Write out each line from the data below that includes the word "extrude".

* _WORKING DATA_
- - -
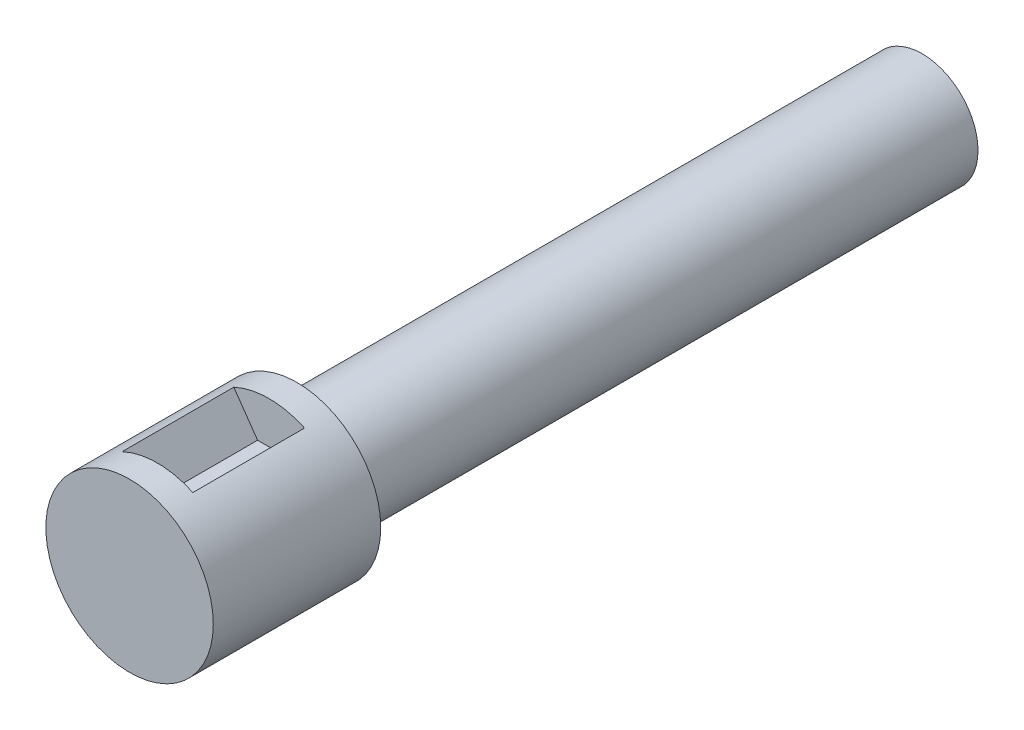
SolidWorks part; units mm, degrees
ref_plane "Front Plane" through (0, 0, 0) normal (0, 0, 1) x (1, 0, 0)
ref_plane "Top Plane" through (0, 0, 0) normal (0, 1, 0) x (1, 0, 0)
ref_plane "Right Plane" through (0, 0, 0) normal (1, 0, 0) x (0, 0, -1)
sketch "Sketch1" plane through (0, 0, 0) normal (0, 0, 1) x (1, 0, 0)
  circle A0 centre (0, 0) radius 9.525
extrude "Boss-Extrude1" add sketch "Sketch1" along normal blind 19.05
sketch "Sketch2" plane through (0, 0, 0) normal (0, 0, -1) x (-1, 0, 0)
  circle A0 centre (0, 0) radius 6.35
extrude "Boss-Extrude2" add sketch "Sketch2" along normal blind 71.12
sketch "Sketch3" plane through (0, 0, -71.12) normal (0, 0, -1) x (-1, 0, 0)
  line L1 (-1.2778, 1.524) -> (1.2778, 1.524)
  line L2 (0, 1.524) -> (-1.2778, 1.524)
  line L5 (-1.2778, -1.524) -> (1.2778, -1.524)
  line L6 (0, -1.524) -> (-1.2778, -1.524)
  arc A0 (1.2778, -1.524) -> (1.2778, 1.524) centre (0, 0) ccw
  arc A2 (-1.2778, 1.524) -> (-1.2778, -1.524) centre (0, 0) ccw
  dimension "D1" = 3.9776
extrude "Cut-Extrude1" cut sketch "Sketch3" against normal blind 9.144
sketch "Sketch4" plane through (0, 0, 19.05) normal (0, 0, 1) x (1, 0, 0)
  line L1 (0, 4.7625) -> (-1.3081, 4.7625)
  line L2 (-1.3081, 4.7625) -> (-4.0198, 8.6352)
  line L3 (0, 4.7625) -> (1.3194, 4.7625)
  line L4 (1.3194, 4.7625) -> (4.0283, 8.6312)
  circle A0 centre (0, 0) radius 9.525 construction
  arc A1 (4.0283, 8.6312) -> (-4.0198, 8.6352) centre (0, 0) ccw
  dimension "D1" = 125
  dimension "D2" = 125
extrude "Cut-Extrude2" cut sketch "Sketch4" against normal blind 12.7 from offset 3.175
- - -
* _OUTPUT OF THE TASK_
extrude "Boss-Extrude1" add sketch "Sketch1" along normal blind 19.05
extrude "Boss-Extrude2" add sketch "Sketch2" along normal blind 71.12
extrude "Cut-Extrude1" cut sketch "Sketch3" against normal blind 9.144
extrude "Cut-Extrude2" cut sketch "Sketch4" against normal blind 12.7 from offset 3.175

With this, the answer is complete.